*** SOURCE DATA
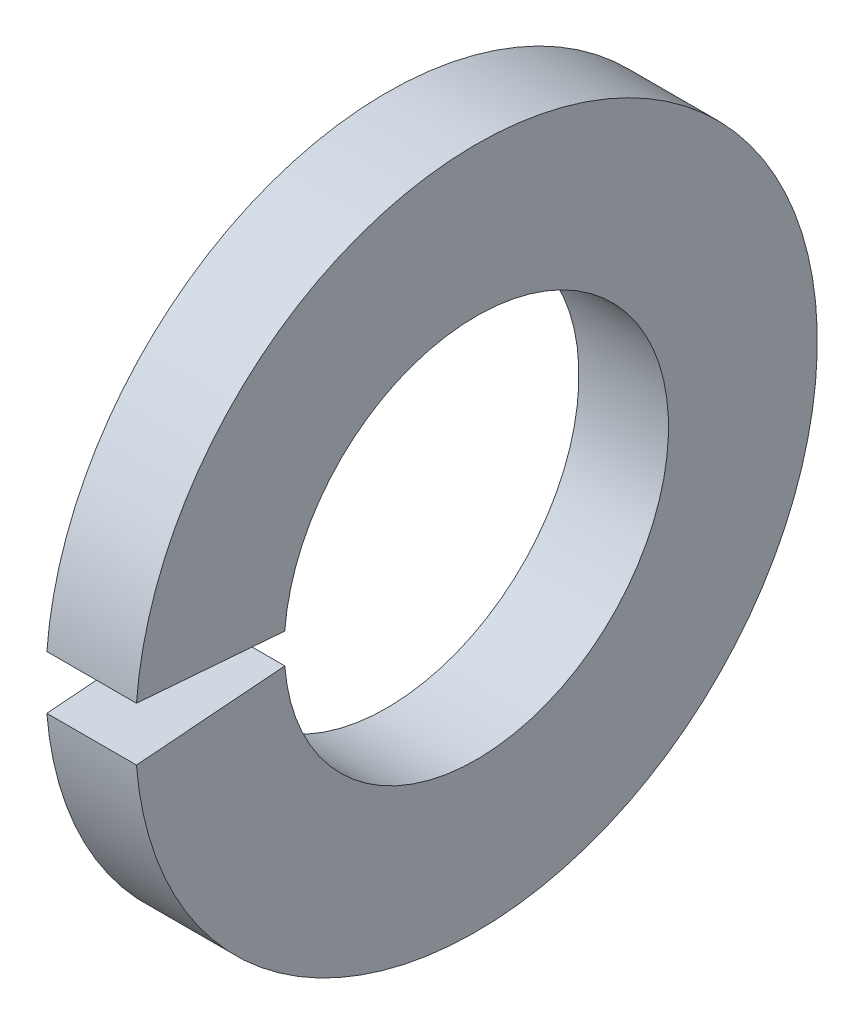
from build123d import *

# Parameters (mm, degrees)
SKETCH1_W = 0.7874
SKETCH1_H = 1.3081
GAP_DEPTH = 5.311196405


with BuildPart() as part:
    # Sketch1 → Base-Revolve (revolve)
    with BuildSketch(Plane.XY, mode=Mode.PRIVATE) as base_revolve_sk:
        with Locations((-0.3937, 2.34315)):
            Rectangle(SKETCH1_W, SKETCH1_H)
    revolve(base_revolve_sk.sketch.rotate(Axis((-34.925, 0, 0), (1, 0, 0)), 90), axis=Axis((-34.925, 0, 0), (1, 0, 0)))

    # Sketch2 → Gap (cut, through all)
    with BuildSketch(Plane(origin=(0, 0, 0), x_dir=(0, -1, 0), z_dir=(-1, 0, 0))):
        with BuildLine():
            Line((0, 0), (0.239860754, 3.047719845))
            ThreePointArc((0.239860754, 3.047719845), (0, 3.057144), (-0.239860754, 3.047719845))
            Line((-0.239860754, 3.047719845), (0, 0))
        make_face()
    extrude(amount=GAP_DEPTH, mode=Mode.SUBTRACT)


solid = part.part
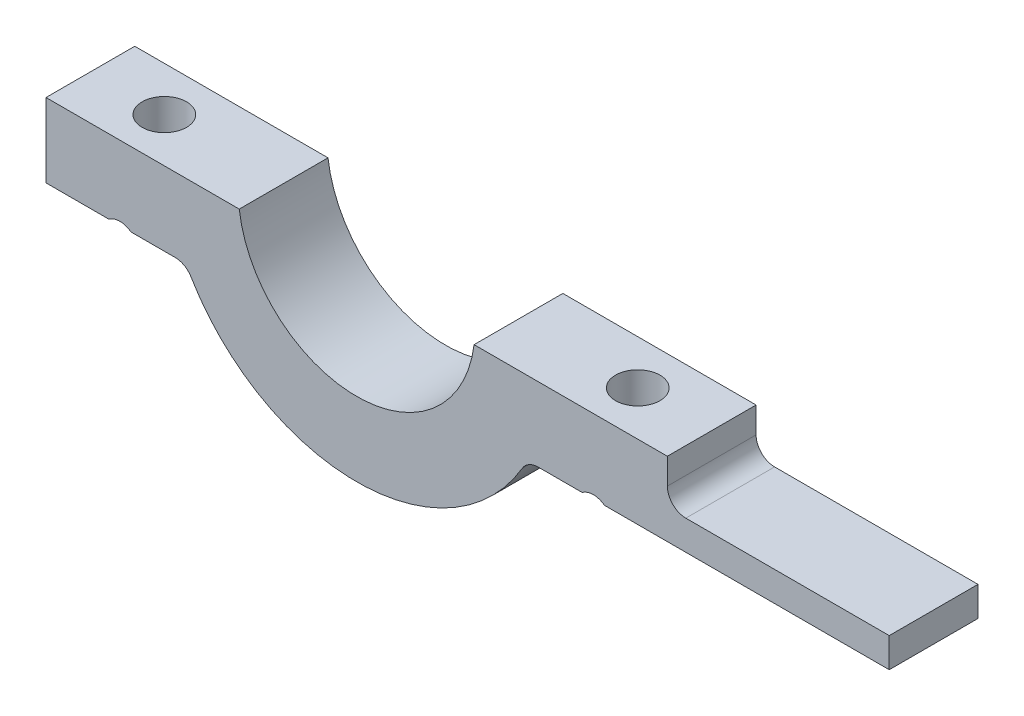
from build123d import *

# Parameters (mm, degrees)
EXTRUDE_1_DEPTH     = 3
SKETCH_3_R          = 1.5
CUT_EXTRUDE_1_DEPTH = 37.796738986
SKETCH_4_W          = 15
SKETCH_4_H          = 3
CUT_EXTRUDE_2_DEPTH = 39.742741271
FILLET_1_R          = 1.25


with BuildPart() as part:
    # ｽｹｯﾁ1 → ﾎﾞｽ - 押し出し1 (new, symmetric)
    with BuildSketch(Plane.XY):
        with BuildLine():
            Line((-15.25, -6), (-11.532562595, -6))
            ThreePointArc((-11.532562595, -6), (0, -13), (11.532562595, -6))
            Line((11.532562595, -6), (15.25, -6))
            ThreePointArc((15.25, -6), (16, -5.75), (16.75, -6))
            Line((16.75, -6), (36, -6))
            Line((36, -6), (36, -1))
            Line((36, -1), (7.937253933, -1))
            ThreePointArc((7.937253933, -1), (0, -8), (-7.937253933, -1))
            Line((-7.937253933, -1), (-21, -1))
            Line((-21, -1), (-21, -6))
            Line((-21, -6), (-16.75, -6))
            ThreePointArc((-16.75, -6), (-16, -5.75), (-15.25, -6))
        make_face()
    extrude(amount=EXTRUDE_1_DEPTH, both=True)

    # ｽｹｯﾁ3 → ｶｯﾄ - 押し出し1 (cut, through all)
    with BuildSketch(Plane.XZ.offset(6)):
        with Locations((-16, 0)):
            Circle(SKETCH_3_R)
        with Locations((16, 0)):
            Circle(SKETCH_3_R)
    extrude(amount=-CUT_EXTRUDE_1_DEPTH, mode=Mode.SUBTRACT)

    # ｽｹｯﾁ4 → ｶｯﾄ - 押し出し2 (cut, through all)
    with BuildSketch(Plane.XY.offset(3)):
        with Locations((28.5, -2.5)):
            Rectangle(SKETCH_4_W, SKETCH_4_H)
    extrude(amount=-CUT_EXTRUDE_2_DEPTH, mode=Mode.SUBTRACT)

    # ﾌｨﾚｯﾄ1
    fillet_1_edges = [part.edges().sort_by_distance(p)[0] for p in [
        (11.532562595, -6, 0),
        (-11.532562595, -6, 0),
        (21, -4, 0),
    ]]
    fillet(fillet_1_edges, radius=FILLET_1_R)


solid = part.part
******
— INSTRUCTIONS TO FOLLOW —
Tally the lines of the records holding the word "BuildSketch", then give only the resulting number.

— WRITTEN ANSWER —
5